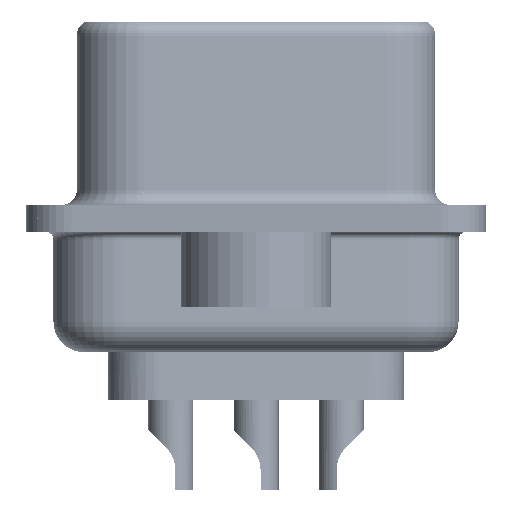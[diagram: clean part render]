
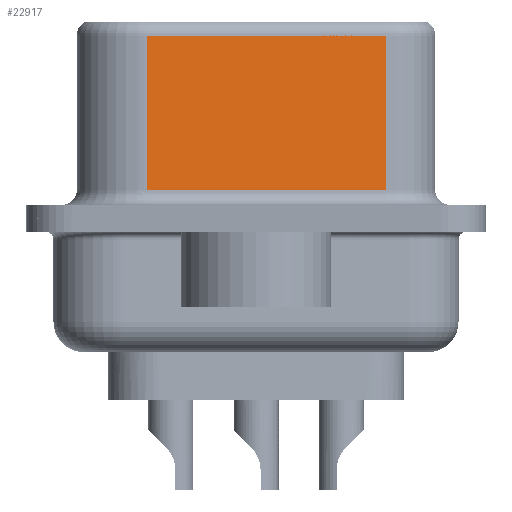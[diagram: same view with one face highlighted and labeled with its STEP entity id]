
A CAD part, left-side view. The second image highlights one B-rep face of the part: STEP entity #22917.
In plain terms, the highlighted planar face has unit normal (-0.985, -0.174, 0).
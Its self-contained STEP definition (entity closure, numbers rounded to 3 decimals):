
#411 = LINE ( 'NONE', #27704, #24994 ) ;
#576 = DIRECTION ( 'NONE',  ( 0.174, -0.985, 0. ) ) ;
#1268 = DIRECTION ( 'NONE',  ( -0.174, 0.985, 0. ) ) ;
#1775 = CARTESIAN_POINT ( 'NONE',  ( 3.73, 3.628, 6.55 ) ) ;
#2427 = ORIENTED_EDGE ( 'NONE', *, *, #6600, .T. ) ;
#2895 = VERTEX_POINT ( 'NONE', #29521 ) ;
#3835 = ORIENTED_EDGE ( 'NONE', *, *, #13918, .F. ) ;
#4318 = DIRECTION ( 'NONE',  ( 0., 0., -1. ) ) ;
#5171 = VECTOR ( 'NONE', #13630, 1000. ) ;
#6184 = FACE_OUTER_BOUND ( 'NONE', #25840, .T. ) ;
#6600 = EDGE_CURVE ( 'NONE', #12733, #9346, #28748, .T. ) ;
#6786 = CARTESIAN_POINT ( 'NONE',  ( 5.132, -4.322, 6.55 ) ) ;
#7930 = EDGE_CURVE ( 'NONE', #9346, #25097, #411, .T. ) ;
#9220 = CARTESIAN_POINT ( 'NONE',  ( 3.73, 3.628, 0.95 ) ) ;
#9346 = VERTEX_POINT ( 'NONE', #9220 ) ;
#10213 = VECTOR ( 'NONE', #4318, 1000. ) ;
#11838 = VECTOR ( 'NONE', #19247, 1000. ) ;
#12733 = VERTEX_POINT ( 'NONE', #25728 ) ;
#13630 = DIRECTION ( 'NONE',  ( -0.174, 0.985, 0. ) ) ;
#13918 = EDGE_CURVE ( 'NONE', #2895, #25097, #24428, .T. ) ;
#15266 = EDGE_CURVE ( 'NONE', #2895, #12733, #20840, .T. ) ;
#16592 = DIRECTION ( 'NONE',  ( 0.985, 0.174, 0. ) ) ;
#19247 = DIRECTION ( 'NONE',  ( 0., 0., -1. ) ) ;
#20840 = LINE ( 'NONE', #30986, #5171 ) ;
#22556 = ORIENTED_EDGE ( 'NONE', *, *, #7930, .T. ) ;
#22917 = ADVANCED_FACE ( 'NONE', ( #6184 ), #26269, .F. ) ;
#24428 = LINE ( 'NONE', #6786, #10213 ) ;
#24994 = VECTOR ( 'NONE', #576, 1000. ) ;
#25097 = VERTEX_POINT ( 'NONE', #29781 ) ;
#25728 = CARTESIAN_POINT ( 'NONE',  ( 3.73, 3.628, 6.1 ) ) ;
#25840 = EDGE_LOOP ( 'NONE', ( #3835, #28013, #2427, #22556 ) ) ;
#26269 = PLANE ( 'NONE',  #28046 ) ;
#27704 = CARTESIAN_POINT ( 'NONE',  ( 5.132, -4.322, 0.95 ) ) ;
#28013 = ORIENTED_EDGE ( 'NONE', *, *, #15266, .T. ) ;
#28046 = AXIS2_PLACEMENT_3D ( 'NONE', #31485, #16592, #1268 ) ;
#28748 = LINE ( 'NONE', #1775, #11838 ) ;
#29521 = CARTESIAN_POINT ( 'NONE',  ( 5.132, -4.322, 6.1 ) ) ;
#29781 = CARTESIAN_POINT ( 'NONE',  ( 5.132, -4.322, 0.95 ) ) ;
#30986 = CARTESIAN_POINT ( 'NONE',  ( 5.132, -4.322, 6.1 ) ) ;
#31485 = CARTESIAN_POINT ( 'NONE',  ( 5.132, -4.322, 6.55 ) ) ;

○ ○ ○ ○

Write the records out again exactly; none of the pictures belong in the copy.

[diagram: clean part render]
[diagram: same view with one face highlighted and labeled with its STEP entity id]
A CAD part, left-side view. The second image highlights one B-rep face of the part: STEP entity #22917.
In plain terms, the highlighted planar face has unit normal (-0.985, -0.174, 0).
Its self-contained STEP definition (entity closure, numbers rounded to 3 decimals):
#411 = LINE ( 'NONE', #27704, #24994 ) ;
#576 = DIRECTION ( 'NONE',  ( 0.174, -0.985, 0. ) ) ;
#1268 = DIRECTION ( 'NONE',  ( -0.174, 0.985, 0. ) ) ;
#1775 = CARTESIAN_POINT ( 'NONE',  ( 3.73, 3.628, 6.55 ) ) ;
#2427 = ORIENTED_EDGE ( 'NONE', *, *, #6600, .T. ) ;
#2895 = VERTEX_POINT ( 'NONE', #29521 ) ;
#3835 = ORIENTED_EDGE ( 'NONE', *, *, #13918, .F. ) ;
#4318 = DIRECTION ( 'NONE',  ( 0., 0., -1. ) ) ;
#5171 = VECTOR ( 'NONE', #13630, 1000. ) ;
#6184 = FACE_OUTER_BOUND ( 'NONE', #25840, .T. ) ;
#6600 = EDGE_CURVE ( 'NONE', #12733, #9346, #28748, .T. ) ;
#6786 = CARTESIAN_POINT ( 'NONE',  ( 5.132, -4.322, 6.55 ) ) ;
#7930 = EDGE_CURVE ( 'NONE', #9346, #25097, #411, .T. ) ;
#9220 = CARTESIAN_POINT ( 'NONE',  ( 3.73, 3.628, 0.95 ) ) ;
#9346 = VERTEX_POINT ( 'NONE', #9220 ) ;
#10213 = VECTOR ( 'NONE', #4318, 1000. ) ;
#11838 = VECTOR ( 'NONE', #19247, 1000. ) ;
#12733 = VERTEX_POINT ( 'NONE', #25728 ) ;
#13630 = DIRECTION ( 'NONE',  ( -0.174, 0.985, 0. ) ) ;
#13918 = EDGE_CURVE ( 'NONE', #2895, #25097, #24428, .T. ) ;
#15266 = EDGE_CURVE ( 'NONE', #2895, #12733, #20840, .T. ) ;
#16592 = DIRECTION ( 'NONE',  ( 0.985, 0.174, 0. ) ) ;
#19247 = DIRECTION ( 'NONE',  ( 0., 0., -1. ) ) ;
#20840 = LINE ( 'NONE', #30986, #5171 ) ;
#22556 = ORIENTED_EDGE ( 'NONE', *, *, #7930, .T. ) ;
#22917 = ADVANCED_FACE ( 'NONE', ( #6184 ), #26269, .F. ) ;
#24428 = LINE ( 'NONE', #6786, #10213 ) ;
#24994 = VECTOR ( 'NONE', #576, 1000. ) ;
#25097 = VERTEX_POINT ( 'NONE', #29781 ) ;
#25728 = CARTESIAN_POINT ( 'NONE',  ( 3.73, 3.628, 6.1 ) ) ;
#25840 = EDGE_LOOP ( 'NONE', ( #3835, #28013, #2427, #22556 ) ) ;
#26269 = PLANE ( 'NONE',  #28046 ) ;
#27704 = CARTESIAN_POINT ( 'NONE',  ( 5.132, -4.322, 0.95 ) ) ;
#28013 = ORIENTED_EDGE ( 'NONE', *, *, #15266, .T. ) ;
#28046 = AXIS2_PLACEMENT_3D ( 'NONE', #31485, #16592, #1268 ) ;
#28748 = LINE ( 'NONE', #1775, #11838 ) ;
#29521 = CARTESIAN_POINT ( 'NONE',  ( 5.132, -4.322, 6.1 ) ) ;
#29781 = CARTESIAN_POINT ( 'NONE',  ( 5.132, -4.322, 0.95 ) ) ;
#30986 = CARTESIAN_POINT ( 'NONE',  ( 5.132, -4.322, 6.1 ) ) ;
#31485 = CARTESIAN_POINT ( 'NONE',  ( 5.132, -4.322, 6.55 ) ) ;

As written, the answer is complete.